9 weeks, more than 250 million barrels exported: the Gulf Coast becomes a global oil shipping hub
U.S. domestic crude oil exports have totaled over 250 million barrels over the past 9 weeks—an average of about 4 million barrels per day shipped overseas. Export sources include operating oil well production and strategic reserves (including commercial storage tanks). Gulf Coast ports have become a concentration point for oil tankers, with tanker traffic clearly increasing.
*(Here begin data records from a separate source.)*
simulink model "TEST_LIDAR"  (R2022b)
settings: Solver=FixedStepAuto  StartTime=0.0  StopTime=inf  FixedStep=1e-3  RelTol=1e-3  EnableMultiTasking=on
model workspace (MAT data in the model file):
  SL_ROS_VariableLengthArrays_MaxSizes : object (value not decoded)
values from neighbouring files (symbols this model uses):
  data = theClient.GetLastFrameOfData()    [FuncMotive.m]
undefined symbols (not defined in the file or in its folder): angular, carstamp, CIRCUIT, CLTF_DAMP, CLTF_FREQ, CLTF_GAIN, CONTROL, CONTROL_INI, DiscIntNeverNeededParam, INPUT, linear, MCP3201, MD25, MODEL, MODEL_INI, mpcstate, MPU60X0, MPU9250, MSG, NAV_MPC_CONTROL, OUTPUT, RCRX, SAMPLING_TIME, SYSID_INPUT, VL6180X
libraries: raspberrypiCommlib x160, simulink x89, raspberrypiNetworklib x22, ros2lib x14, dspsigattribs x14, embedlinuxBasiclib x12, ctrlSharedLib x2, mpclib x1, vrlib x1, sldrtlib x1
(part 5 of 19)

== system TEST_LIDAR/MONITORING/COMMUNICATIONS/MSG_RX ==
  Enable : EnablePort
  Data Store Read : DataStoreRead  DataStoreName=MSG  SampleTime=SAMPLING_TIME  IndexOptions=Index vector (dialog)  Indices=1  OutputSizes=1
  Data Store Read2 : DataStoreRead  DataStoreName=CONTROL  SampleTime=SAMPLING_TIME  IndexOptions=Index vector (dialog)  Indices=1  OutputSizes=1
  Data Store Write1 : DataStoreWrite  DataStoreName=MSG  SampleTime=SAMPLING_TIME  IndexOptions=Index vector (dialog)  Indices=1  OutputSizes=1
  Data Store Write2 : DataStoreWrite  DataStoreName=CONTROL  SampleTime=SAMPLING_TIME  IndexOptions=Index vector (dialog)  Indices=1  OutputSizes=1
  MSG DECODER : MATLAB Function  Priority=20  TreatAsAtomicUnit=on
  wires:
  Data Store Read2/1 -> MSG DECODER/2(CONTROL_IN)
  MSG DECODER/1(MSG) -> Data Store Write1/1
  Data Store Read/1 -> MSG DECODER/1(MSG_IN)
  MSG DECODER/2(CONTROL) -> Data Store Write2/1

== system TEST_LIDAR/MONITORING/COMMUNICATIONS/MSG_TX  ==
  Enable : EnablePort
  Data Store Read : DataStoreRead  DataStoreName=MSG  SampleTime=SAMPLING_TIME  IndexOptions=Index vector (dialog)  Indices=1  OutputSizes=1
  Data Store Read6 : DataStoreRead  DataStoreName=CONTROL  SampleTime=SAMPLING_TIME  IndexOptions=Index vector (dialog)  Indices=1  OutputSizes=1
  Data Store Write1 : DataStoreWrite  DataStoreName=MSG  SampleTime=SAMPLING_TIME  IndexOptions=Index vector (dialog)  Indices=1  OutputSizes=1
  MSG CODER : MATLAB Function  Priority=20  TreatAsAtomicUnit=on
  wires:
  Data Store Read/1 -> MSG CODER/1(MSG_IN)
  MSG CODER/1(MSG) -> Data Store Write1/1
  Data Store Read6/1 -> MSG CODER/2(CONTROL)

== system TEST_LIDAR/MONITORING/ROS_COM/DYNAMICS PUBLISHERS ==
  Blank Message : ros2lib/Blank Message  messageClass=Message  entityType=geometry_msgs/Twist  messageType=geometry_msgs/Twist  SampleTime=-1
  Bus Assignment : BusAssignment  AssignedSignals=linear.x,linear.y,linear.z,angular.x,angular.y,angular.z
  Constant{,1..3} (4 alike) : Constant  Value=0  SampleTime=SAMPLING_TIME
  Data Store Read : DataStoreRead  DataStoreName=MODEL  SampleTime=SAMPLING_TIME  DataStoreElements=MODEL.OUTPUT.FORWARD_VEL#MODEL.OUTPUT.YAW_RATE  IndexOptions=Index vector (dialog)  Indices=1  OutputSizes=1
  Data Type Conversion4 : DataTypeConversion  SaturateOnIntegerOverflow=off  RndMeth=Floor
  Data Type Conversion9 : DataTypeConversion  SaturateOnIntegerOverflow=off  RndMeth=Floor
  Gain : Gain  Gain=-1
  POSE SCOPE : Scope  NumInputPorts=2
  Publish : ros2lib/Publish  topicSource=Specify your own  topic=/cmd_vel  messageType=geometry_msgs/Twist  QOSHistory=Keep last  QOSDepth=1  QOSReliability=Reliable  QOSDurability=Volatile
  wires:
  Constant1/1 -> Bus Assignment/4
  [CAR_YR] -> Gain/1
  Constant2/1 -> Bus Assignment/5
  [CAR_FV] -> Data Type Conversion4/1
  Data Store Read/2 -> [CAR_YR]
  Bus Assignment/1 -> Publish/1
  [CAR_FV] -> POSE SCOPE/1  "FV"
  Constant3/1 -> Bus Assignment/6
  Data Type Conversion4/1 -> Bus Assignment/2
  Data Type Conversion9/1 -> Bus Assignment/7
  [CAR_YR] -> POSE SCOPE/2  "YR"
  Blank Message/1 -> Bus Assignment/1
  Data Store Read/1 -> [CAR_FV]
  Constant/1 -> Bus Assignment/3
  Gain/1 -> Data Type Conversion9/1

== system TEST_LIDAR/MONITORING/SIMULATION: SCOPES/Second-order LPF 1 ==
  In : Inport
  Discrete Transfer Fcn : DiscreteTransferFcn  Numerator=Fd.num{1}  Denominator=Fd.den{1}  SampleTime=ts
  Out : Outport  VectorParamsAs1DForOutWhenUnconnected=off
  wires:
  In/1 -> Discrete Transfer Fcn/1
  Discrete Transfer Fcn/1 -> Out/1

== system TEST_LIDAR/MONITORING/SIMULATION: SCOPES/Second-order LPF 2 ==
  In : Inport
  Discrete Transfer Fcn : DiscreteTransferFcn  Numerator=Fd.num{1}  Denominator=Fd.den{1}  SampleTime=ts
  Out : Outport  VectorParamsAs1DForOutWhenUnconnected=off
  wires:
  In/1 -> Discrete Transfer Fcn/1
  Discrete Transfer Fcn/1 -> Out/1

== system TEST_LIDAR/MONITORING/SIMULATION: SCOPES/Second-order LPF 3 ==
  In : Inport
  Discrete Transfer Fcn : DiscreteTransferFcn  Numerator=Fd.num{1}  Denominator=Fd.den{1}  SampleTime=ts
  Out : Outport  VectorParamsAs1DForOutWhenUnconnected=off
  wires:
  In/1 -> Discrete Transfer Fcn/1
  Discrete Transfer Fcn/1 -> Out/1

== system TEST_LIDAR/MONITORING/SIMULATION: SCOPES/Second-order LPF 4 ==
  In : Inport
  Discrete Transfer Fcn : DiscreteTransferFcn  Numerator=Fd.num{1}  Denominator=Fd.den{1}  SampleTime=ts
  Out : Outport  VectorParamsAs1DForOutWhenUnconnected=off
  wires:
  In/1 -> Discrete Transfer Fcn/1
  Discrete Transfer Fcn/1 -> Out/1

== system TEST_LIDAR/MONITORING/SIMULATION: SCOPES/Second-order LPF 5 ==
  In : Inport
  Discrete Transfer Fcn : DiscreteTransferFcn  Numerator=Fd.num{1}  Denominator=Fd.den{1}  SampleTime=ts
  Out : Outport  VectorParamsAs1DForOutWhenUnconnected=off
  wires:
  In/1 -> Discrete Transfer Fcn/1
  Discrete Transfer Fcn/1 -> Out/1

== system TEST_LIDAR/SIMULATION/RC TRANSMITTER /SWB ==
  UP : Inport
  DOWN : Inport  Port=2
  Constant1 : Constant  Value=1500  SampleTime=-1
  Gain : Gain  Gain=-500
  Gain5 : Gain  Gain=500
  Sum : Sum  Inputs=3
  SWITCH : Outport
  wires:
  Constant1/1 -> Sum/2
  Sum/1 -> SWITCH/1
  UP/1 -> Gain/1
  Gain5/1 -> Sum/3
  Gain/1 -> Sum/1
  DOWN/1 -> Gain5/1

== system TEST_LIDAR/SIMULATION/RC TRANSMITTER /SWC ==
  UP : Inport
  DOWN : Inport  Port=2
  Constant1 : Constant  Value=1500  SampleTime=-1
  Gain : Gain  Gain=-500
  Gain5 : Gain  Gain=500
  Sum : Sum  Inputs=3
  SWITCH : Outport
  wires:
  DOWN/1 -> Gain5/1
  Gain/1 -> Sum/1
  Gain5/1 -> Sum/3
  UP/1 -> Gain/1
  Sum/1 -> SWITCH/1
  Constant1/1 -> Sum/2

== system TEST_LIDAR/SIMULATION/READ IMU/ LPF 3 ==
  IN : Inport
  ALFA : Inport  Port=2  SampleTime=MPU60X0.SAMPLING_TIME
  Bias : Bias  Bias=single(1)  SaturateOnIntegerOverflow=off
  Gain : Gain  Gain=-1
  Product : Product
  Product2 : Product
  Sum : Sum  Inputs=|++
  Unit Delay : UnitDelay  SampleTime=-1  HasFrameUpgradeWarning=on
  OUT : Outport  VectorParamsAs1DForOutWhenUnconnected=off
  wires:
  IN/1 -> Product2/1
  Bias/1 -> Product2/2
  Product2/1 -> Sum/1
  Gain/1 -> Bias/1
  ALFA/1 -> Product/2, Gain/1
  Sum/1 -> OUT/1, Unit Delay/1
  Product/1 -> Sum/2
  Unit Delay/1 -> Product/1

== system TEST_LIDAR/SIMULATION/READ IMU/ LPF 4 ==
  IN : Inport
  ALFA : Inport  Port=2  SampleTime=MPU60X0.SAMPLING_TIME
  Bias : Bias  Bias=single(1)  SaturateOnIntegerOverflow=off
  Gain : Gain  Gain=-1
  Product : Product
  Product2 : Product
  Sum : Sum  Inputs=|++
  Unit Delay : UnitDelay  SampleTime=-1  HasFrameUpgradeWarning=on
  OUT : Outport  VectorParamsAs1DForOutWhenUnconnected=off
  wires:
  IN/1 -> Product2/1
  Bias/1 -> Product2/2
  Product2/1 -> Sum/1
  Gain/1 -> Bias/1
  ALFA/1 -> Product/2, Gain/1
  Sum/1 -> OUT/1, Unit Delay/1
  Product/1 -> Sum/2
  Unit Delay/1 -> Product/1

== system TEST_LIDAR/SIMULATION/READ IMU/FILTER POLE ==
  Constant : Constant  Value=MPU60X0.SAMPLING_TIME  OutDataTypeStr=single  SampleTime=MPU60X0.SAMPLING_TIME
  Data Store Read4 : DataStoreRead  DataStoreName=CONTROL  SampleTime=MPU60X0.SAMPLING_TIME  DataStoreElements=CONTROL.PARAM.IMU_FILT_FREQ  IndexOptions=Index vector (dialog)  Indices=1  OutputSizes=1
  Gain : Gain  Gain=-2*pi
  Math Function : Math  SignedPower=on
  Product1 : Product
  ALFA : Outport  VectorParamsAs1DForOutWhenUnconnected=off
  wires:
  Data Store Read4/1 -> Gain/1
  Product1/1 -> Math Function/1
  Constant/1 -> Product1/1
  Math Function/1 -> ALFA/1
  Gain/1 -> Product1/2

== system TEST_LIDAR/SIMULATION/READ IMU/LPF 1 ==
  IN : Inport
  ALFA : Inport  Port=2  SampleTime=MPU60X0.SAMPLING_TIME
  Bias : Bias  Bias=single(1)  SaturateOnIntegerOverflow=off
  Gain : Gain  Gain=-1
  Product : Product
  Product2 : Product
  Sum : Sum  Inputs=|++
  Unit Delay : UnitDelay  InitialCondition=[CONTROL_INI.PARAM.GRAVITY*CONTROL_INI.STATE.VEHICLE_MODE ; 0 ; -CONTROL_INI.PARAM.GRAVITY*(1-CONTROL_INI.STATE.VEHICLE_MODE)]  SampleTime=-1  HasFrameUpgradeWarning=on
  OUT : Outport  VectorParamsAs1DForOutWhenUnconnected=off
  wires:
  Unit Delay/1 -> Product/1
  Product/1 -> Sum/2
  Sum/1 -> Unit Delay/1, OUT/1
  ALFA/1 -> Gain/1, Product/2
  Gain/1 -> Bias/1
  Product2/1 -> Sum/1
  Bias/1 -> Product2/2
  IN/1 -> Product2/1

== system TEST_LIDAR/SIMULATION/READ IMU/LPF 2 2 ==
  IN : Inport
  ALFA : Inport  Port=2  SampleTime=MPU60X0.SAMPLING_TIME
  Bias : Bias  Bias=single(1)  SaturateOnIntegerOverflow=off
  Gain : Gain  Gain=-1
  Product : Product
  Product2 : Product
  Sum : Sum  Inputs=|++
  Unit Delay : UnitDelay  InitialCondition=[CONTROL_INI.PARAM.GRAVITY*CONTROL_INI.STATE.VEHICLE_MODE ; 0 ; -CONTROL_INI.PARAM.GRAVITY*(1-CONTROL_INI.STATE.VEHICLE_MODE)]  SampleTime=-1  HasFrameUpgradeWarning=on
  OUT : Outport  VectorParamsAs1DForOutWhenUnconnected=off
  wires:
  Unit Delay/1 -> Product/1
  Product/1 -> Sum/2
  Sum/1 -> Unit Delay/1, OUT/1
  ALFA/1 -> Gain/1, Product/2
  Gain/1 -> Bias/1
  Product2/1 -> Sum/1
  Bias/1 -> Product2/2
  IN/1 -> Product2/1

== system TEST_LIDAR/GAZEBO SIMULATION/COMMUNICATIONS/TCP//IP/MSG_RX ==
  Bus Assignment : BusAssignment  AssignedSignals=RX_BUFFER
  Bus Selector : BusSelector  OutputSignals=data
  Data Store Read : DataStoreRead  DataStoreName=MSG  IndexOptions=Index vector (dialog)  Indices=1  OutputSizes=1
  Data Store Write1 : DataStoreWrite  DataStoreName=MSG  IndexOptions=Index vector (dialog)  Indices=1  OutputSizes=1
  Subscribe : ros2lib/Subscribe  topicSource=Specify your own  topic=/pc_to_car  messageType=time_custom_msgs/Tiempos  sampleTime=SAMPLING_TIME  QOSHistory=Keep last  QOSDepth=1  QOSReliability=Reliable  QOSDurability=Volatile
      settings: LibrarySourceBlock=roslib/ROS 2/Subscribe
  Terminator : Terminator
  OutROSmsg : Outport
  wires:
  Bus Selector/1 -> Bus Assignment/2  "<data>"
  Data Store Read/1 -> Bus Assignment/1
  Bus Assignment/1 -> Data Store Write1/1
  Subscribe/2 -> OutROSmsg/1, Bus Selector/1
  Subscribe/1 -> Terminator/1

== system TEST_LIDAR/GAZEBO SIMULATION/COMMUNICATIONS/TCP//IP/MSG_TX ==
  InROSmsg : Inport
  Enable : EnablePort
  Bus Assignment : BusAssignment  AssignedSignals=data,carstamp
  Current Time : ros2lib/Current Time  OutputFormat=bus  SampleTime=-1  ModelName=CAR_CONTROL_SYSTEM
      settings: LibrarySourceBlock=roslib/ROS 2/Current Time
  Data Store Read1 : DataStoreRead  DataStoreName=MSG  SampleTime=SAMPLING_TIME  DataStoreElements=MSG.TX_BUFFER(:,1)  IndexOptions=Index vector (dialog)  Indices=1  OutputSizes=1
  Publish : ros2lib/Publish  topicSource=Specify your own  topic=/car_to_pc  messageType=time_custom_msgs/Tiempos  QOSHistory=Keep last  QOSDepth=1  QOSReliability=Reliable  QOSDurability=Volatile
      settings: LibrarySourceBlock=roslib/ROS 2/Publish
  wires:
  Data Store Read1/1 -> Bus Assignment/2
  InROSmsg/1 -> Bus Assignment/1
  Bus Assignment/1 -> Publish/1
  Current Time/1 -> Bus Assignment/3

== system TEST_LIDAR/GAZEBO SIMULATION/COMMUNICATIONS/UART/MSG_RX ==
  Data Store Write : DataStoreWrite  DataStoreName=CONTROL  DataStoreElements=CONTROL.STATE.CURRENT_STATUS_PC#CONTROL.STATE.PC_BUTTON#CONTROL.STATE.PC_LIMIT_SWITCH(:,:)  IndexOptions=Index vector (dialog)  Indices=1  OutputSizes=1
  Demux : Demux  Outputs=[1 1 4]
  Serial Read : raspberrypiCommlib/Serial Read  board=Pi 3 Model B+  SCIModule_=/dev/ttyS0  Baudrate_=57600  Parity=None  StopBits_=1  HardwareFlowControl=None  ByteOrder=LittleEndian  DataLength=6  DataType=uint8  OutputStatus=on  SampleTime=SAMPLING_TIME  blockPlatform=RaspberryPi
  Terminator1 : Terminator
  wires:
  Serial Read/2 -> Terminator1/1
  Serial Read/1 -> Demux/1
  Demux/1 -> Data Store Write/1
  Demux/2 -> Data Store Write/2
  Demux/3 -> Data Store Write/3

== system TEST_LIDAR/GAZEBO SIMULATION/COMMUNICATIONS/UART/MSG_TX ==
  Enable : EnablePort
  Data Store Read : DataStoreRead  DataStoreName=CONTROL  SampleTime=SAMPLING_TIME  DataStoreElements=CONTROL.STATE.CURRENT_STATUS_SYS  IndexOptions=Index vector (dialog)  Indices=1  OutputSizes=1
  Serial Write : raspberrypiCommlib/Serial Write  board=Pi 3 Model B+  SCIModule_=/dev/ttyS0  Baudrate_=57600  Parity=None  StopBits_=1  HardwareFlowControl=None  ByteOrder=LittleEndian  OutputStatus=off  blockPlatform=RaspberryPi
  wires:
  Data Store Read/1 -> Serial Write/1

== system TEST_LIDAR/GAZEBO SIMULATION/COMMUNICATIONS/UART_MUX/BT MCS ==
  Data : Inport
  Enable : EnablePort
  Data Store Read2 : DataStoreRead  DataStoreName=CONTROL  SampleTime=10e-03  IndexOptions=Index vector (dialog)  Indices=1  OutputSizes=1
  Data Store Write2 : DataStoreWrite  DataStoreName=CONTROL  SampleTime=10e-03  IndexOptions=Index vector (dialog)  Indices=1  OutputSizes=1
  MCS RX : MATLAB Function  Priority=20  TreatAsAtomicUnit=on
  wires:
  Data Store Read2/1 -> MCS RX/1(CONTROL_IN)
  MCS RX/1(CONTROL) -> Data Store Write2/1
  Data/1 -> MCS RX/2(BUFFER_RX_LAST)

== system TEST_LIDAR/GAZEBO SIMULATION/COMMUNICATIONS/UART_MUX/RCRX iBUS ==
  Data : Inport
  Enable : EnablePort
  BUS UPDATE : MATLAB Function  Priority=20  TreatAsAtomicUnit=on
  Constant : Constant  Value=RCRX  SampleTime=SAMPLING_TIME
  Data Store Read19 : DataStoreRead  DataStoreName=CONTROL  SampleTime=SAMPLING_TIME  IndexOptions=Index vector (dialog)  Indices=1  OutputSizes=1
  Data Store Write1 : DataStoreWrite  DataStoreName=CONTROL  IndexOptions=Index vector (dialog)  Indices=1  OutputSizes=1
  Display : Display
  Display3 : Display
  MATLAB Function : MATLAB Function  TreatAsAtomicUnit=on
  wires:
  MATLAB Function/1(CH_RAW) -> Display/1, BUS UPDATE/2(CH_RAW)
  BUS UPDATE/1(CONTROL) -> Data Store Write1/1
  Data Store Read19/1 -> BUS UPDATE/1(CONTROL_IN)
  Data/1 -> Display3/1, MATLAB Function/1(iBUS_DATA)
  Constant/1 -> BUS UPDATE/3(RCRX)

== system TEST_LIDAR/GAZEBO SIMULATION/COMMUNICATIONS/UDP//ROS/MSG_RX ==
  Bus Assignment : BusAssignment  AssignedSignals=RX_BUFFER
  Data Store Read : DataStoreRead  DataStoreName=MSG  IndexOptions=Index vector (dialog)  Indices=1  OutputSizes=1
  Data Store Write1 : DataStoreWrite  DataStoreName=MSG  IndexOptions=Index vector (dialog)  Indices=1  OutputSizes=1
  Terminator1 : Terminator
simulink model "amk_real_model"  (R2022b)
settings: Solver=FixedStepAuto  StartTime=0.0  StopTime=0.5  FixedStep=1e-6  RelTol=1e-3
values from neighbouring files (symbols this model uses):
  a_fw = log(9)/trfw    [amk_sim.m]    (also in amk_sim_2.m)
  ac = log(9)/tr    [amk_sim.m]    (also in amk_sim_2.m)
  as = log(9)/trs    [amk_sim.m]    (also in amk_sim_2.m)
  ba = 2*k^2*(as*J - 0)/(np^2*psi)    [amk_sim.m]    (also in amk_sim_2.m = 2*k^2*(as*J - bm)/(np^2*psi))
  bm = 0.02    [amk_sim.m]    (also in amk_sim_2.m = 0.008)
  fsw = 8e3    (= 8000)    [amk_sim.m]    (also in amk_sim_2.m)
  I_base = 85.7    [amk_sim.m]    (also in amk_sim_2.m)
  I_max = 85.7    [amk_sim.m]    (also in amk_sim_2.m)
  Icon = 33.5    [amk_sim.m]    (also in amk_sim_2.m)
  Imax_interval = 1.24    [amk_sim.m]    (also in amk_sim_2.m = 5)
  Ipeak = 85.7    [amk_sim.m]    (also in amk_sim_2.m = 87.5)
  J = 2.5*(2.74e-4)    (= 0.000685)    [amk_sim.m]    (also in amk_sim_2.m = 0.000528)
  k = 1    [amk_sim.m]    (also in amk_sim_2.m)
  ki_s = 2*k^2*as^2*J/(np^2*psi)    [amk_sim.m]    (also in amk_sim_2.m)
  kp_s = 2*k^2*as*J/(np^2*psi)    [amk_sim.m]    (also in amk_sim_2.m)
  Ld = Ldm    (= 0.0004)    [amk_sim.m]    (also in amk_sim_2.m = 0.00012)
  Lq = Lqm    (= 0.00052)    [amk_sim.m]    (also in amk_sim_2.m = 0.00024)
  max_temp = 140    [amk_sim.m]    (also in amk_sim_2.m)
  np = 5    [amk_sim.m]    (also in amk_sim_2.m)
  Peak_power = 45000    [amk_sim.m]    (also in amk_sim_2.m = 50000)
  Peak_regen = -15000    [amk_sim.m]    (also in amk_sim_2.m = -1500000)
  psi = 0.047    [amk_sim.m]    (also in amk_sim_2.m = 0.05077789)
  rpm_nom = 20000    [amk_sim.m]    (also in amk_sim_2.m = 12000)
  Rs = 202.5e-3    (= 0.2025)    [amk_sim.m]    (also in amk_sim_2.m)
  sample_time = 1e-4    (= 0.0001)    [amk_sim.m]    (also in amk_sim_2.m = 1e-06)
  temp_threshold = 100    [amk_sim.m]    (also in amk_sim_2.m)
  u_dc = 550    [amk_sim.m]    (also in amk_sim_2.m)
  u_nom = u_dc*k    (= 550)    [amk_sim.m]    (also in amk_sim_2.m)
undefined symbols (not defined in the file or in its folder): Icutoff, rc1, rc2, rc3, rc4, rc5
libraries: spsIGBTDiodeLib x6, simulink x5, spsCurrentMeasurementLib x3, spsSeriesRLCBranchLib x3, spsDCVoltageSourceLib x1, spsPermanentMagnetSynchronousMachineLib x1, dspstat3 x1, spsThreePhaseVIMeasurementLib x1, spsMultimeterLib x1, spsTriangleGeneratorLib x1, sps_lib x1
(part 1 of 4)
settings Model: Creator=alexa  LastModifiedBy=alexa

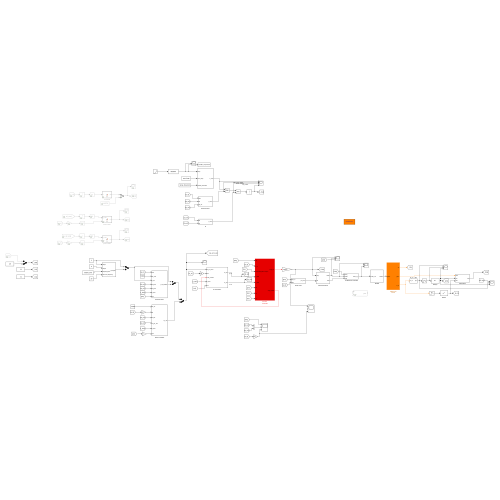
[thumbnail: Simulink's stored preview of the top-level diagram]
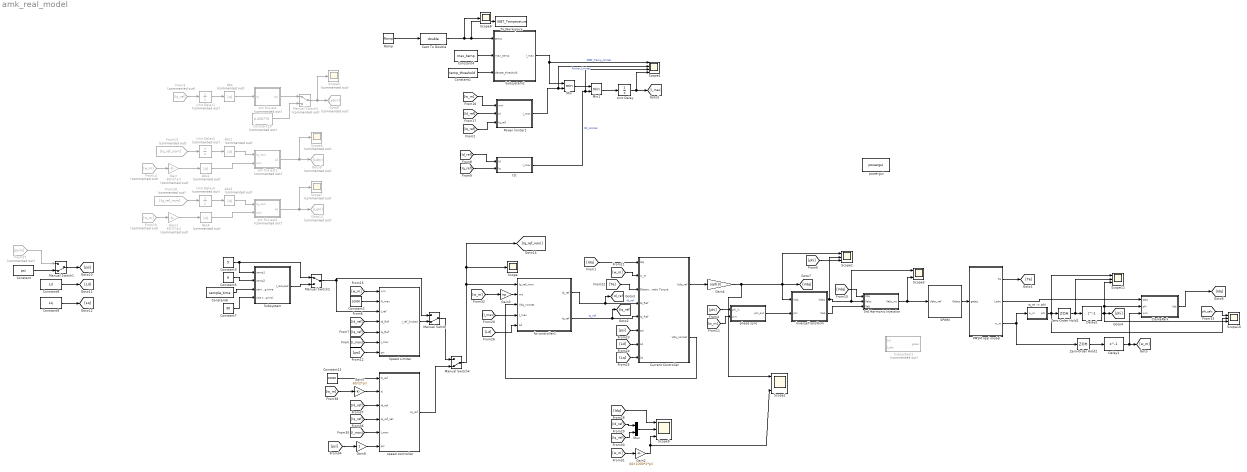
== system amk_real_model ==
  3rd Harmonic Injection : Subsystem
  Abs{,1..4} (5 alike) : Abs  Commented=on  SaturateOnIntegerOverflow=off
  Cast To Double : DataTypeConversion  OutDataTypeStr=double  SaturateOnIntegerOverflow=off  RndMeth=Floor
  ClarkePark : Subsystem
  Constant : Constant  Value=psi
  Constant1 : Constant  Value=temp_threshold
  Constant10 : Constant  Commented=on  Value=0.050779
  Constant11 : Constant  Value=15000
  Constant2 : Constant  Value=10000
  Constant3 : Constant  Value=5
  Constant4 : Constant  Value=max_temp
  Constant5 : Constant  Value=9
  Constant6 : Constant  Value=sample_time
  Constant7 : Constant  Value=30
  Constant8 : Constant  Value=Ld
  Constant9 : Constant  Value=Lq
  Current Controller : Subsystem
  Delay1 : Delay  DelayLength=1  InitialCondition=0  UseCircularBuffer=on
  Delay2 : Delay  DelayLength=1  InitialCondition=0  UseCircularBuffer=on
  From13 : From  Commented=on  GotoTag=Iq_ref_nom
  From14 : From  Commented=on  GotoTag=w_m
  From18 : From  Commented=on  GotoTag=Iq_ref_nom
  From19 : From  Commented=on  GotoTag=w_m
  From27 : From  Commented=on  GotoTag=psim
  From3 : From  Commented=on  GotoTag=Iq_ref
  Gain : Gain  Commented=on  Gain=60/(2*pi)
  Gain1 : Gain  Commented=on  Gain=60/(2*pi)
  Gain2 : Gain  Gain=60/(1000*2*pi)
  Gain3 : Gain  Gain=np
  Gain4 : Gain  Gain=sqrt(3)
  Gain5 : Gain  Gain=60/(2*pi)
  Gain6 : Gain
  Goto13 : Goto  Commented=on  GotoTag=Lqm
  Goto8 : Goto  Commented=on  GotoTag=psim
  Goto9 : Goto  Commented=on  GotoTag=Ldm
  I2t : Subsystem
  InverseTransform : Subsystem
  Manual Switch : ManualSwitch  CurrentSetting=0
  Manual Switch1 : ManualSwitch  CurrentSetting=0
  Manual Switch2 : ManualSwitch
  Manual Switch3 : ManualSwitch  Commented=on
  Manual Switch4 : ManualSwitch  CurrentSetting=0
  Min : MinMax  Inputs=2
  Min1 : MinMax  Inputs=2
  Mux : Mux  Inputs=2
  PMSM real model : Subsystem
  Power limiter1 : Subsystem
  Ramp : simulink/Sources/Ramp  slope=1  start=0  InitialOutput=30
  SPWM : Subsystem
  Scope : Scope
  Scope{1..3,9..11} (6 alike) : Scope  NumInputPorts=3
  Scope4 : Scope  NumInputPorts=4
  Scope5 : Scope  Commented=on
  Scope6 : Scope  Commented=on
  Scope7 : Scope  Commented=on
  Scope8 : Scope
  Speed Limiter : Subsystem
  Subsystem : Subsystem
  Subsystem1 : Subsystem  Commented=on
  Subsystem2 : Subsystem
  To Workspace : ToWorkspace  VariableName=IGBT_Temperature  SampleTime=-1
  Unit Delay : UnitDelay  SampleTime=-1  HasFrameUpgradeWarning=on
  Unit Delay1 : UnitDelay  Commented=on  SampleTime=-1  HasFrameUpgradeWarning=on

The U.S.’s supply flexibility comes from idle production capacity accumulated from the shale revolution and North American pipeline infrastructure—an infrastructure that saw extensive expansion over the past decade and played the role of a “global oil market backup system” during the Hormuz crisis. Even as the Strait of Hormuz is virtually shut down, global energy consumers can still keep basic operations running through the U.S.’s substitute supply.
Energy geopolitical power structure: shifting from OPEC dominance to the U.S. balancing role
This time, the U.S. replacing Saudi Arabia to become the world’s largest crude oil exporter is the first occurrence since 1948. The traditional power structure in the oil market has been dominated by OPEC (Organization of the Petroleum Exporting Countries), which sets the pace of prices and supply. Although the U.S. is a major producing country, it has long been a net importer. This crisis has allowed the U.S. to demonstrate the dual roles of both “a net exporter” and “a supplier of last resort”—when geopolitical shocks hit key oil-producing regions, the U.S. can quickly increase exports to stabilize global prices.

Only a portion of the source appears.